**THE TASK:** Return each line of the entries that mentions the word "OBJECT".

SOURCE DATA Start Marker

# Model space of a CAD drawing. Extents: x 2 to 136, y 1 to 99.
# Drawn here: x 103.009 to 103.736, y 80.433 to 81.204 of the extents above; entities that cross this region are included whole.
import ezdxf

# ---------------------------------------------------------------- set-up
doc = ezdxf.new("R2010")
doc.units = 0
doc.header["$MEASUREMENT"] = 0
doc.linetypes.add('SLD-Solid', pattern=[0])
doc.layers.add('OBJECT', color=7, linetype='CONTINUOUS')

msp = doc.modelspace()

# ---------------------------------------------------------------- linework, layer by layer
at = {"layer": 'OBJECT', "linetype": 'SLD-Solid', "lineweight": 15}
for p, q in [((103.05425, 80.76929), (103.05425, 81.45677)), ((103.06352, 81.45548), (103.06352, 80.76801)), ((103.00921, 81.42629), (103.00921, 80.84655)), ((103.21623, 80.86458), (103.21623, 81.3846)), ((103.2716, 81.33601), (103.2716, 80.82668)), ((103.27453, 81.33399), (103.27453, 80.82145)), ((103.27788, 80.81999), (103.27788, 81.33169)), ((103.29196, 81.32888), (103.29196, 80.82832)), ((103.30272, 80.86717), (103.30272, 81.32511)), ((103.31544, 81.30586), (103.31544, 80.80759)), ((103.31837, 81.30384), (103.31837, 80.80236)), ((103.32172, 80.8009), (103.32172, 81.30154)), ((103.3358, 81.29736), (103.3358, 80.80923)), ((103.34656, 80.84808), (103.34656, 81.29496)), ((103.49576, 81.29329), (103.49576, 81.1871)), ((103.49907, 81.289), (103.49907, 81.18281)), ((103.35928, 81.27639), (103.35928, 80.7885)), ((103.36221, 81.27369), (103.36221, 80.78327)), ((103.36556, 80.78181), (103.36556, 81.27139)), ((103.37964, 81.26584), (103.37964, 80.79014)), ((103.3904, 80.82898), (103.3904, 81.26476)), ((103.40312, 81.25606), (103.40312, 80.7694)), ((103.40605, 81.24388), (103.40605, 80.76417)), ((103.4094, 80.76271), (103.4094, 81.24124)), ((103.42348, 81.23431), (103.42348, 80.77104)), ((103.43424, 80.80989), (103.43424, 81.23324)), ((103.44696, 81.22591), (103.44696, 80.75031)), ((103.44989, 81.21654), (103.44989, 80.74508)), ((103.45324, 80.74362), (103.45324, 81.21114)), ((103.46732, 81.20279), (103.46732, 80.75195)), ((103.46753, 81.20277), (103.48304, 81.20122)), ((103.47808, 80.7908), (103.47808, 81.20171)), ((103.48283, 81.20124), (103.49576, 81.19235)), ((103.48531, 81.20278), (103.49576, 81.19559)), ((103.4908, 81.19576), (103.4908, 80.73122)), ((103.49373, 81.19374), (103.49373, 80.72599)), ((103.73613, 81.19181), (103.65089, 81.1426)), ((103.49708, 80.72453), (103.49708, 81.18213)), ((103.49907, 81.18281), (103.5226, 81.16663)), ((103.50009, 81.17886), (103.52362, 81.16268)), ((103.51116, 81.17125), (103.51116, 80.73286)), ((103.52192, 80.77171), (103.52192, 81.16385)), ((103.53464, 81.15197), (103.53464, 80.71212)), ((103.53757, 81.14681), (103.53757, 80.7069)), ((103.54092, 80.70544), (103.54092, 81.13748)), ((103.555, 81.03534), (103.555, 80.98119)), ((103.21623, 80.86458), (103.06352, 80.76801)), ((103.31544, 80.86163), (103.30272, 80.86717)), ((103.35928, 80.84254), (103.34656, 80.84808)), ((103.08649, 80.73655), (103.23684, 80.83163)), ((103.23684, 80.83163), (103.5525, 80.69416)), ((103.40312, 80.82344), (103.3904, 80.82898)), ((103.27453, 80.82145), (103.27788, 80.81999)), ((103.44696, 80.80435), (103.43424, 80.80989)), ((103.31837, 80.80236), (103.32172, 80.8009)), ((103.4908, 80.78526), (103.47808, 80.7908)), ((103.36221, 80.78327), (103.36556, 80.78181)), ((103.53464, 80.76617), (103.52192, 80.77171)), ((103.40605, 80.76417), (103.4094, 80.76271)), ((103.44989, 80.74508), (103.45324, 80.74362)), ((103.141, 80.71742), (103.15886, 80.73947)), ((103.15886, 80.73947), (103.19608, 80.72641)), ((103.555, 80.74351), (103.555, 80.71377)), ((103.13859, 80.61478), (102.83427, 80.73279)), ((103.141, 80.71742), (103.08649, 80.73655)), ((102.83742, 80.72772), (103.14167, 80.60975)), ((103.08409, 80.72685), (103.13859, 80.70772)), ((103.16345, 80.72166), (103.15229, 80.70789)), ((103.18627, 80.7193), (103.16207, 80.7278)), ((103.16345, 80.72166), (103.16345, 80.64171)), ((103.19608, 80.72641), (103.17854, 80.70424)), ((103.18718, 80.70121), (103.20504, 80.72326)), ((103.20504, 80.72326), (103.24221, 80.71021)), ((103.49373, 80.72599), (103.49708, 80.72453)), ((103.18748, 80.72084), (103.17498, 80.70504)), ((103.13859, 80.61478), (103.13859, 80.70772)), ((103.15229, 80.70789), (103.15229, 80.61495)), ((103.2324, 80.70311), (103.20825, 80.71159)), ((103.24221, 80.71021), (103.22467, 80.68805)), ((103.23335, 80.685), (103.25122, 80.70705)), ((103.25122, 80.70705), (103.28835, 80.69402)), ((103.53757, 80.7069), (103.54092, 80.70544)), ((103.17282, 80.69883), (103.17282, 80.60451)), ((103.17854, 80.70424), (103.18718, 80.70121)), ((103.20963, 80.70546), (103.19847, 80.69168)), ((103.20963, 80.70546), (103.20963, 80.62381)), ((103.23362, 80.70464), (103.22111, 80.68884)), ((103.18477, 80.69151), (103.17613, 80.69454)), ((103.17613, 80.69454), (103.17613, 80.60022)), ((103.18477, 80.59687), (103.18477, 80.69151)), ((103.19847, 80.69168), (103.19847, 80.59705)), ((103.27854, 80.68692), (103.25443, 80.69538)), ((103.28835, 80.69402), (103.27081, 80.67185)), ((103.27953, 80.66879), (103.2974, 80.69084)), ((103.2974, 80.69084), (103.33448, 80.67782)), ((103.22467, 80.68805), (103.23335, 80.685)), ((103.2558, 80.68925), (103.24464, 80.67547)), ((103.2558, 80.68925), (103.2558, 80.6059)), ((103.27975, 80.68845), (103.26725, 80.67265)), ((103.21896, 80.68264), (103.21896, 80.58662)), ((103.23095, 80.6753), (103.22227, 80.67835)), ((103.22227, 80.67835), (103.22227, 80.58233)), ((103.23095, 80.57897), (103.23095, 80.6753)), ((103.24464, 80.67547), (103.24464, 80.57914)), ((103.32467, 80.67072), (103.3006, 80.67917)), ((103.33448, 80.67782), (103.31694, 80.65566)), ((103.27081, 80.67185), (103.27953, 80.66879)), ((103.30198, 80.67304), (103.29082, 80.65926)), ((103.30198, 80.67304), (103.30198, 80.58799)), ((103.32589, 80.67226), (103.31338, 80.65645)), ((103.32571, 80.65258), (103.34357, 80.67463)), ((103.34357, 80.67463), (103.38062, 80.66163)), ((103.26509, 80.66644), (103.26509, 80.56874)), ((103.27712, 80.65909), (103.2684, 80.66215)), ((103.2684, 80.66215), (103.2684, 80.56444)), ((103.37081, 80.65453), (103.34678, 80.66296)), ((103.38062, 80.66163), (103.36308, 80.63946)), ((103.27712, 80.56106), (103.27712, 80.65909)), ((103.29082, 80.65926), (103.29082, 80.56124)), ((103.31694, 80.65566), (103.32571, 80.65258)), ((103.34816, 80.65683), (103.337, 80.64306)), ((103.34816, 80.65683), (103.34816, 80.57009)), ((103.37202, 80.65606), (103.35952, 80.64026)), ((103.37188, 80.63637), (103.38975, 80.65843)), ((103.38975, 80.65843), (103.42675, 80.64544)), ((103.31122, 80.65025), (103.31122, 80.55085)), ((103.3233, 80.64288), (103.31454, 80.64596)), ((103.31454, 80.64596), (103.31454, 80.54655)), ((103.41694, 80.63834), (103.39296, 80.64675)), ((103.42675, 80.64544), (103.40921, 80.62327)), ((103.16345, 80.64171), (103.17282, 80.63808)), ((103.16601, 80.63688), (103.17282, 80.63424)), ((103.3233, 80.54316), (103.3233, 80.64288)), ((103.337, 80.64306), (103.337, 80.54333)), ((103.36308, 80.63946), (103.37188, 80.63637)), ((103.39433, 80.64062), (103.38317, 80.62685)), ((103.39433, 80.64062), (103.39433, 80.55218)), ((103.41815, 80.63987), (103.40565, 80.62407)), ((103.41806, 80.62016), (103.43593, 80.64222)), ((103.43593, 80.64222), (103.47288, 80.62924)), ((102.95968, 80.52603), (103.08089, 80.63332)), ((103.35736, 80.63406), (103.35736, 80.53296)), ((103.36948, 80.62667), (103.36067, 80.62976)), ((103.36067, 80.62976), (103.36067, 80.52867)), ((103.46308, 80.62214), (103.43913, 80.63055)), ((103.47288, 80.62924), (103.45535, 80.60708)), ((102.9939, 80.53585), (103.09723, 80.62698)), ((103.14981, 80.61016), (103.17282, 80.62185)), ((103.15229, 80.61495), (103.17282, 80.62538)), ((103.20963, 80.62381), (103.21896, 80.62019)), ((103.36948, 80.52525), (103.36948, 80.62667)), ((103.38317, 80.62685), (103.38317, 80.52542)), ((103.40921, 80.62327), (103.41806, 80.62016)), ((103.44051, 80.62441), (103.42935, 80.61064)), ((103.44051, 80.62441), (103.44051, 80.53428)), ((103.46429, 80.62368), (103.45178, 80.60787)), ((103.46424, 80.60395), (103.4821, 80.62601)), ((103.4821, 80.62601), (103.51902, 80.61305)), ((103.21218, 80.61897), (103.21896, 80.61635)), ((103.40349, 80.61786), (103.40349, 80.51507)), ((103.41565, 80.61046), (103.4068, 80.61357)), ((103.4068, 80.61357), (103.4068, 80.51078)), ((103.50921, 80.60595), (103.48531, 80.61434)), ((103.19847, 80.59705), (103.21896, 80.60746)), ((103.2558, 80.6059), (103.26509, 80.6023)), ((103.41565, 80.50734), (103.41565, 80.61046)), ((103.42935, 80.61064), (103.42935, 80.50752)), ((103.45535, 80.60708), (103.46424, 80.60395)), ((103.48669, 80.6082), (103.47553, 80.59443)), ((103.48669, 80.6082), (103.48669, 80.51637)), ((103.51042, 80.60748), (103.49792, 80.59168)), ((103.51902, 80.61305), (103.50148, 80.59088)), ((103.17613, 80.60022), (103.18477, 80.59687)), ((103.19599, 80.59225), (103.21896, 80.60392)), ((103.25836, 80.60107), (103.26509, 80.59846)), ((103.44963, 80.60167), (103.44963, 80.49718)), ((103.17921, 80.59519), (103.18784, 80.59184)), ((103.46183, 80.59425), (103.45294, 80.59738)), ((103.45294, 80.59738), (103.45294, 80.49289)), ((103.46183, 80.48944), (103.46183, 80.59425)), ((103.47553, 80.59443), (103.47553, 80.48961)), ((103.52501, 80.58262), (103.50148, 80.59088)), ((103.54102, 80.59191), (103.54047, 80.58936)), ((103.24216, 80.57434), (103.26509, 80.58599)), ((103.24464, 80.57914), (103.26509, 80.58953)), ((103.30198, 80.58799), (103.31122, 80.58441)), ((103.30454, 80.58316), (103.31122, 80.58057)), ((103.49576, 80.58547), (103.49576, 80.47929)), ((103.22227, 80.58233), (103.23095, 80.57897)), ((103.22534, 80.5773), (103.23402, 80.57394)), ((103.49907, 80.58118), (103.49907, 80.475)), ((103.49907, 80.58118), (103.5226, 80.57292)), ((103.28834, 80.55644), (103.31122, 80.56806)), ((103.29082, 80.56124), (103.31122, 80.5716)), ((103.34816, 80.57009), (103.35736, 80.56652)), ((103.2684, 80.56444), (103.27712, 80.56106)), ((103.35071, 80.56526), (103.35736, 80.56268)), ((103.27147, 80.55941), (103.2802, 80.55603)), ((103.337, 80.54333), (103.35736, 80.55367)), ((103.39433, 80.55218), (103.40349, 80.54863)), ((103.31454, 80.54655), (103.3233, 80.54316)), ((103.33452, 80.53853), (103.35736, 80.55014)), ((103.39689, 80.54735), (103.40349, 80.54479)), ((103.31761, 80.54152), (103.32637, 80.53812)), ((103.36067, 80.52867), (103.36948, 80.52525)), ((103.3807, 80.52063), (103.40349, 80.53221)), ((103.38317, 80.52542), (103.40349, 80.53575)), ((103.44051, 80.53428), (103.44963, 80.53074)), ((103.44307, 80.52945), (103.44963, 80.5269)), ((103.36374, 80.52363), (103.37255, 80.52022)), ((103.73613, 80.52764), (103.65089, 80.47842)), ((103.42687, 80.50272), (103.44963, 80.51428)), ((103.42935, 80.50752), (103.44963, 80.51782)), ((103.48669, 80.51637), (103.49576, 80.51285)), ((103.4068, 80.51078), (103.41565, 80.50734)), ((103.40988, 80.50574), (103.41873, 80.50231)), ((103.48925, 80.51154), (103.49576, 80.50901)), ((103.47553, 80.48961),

SOURCE DATA End Marker

**SOLVED PROBLEM:**
doc.layers.add('OBJECT', color=7, linetype='CONTINUOUS')
at = {"layer": 'OBJECT', "linetype": 'SLD-Solid', "lineweight": 15}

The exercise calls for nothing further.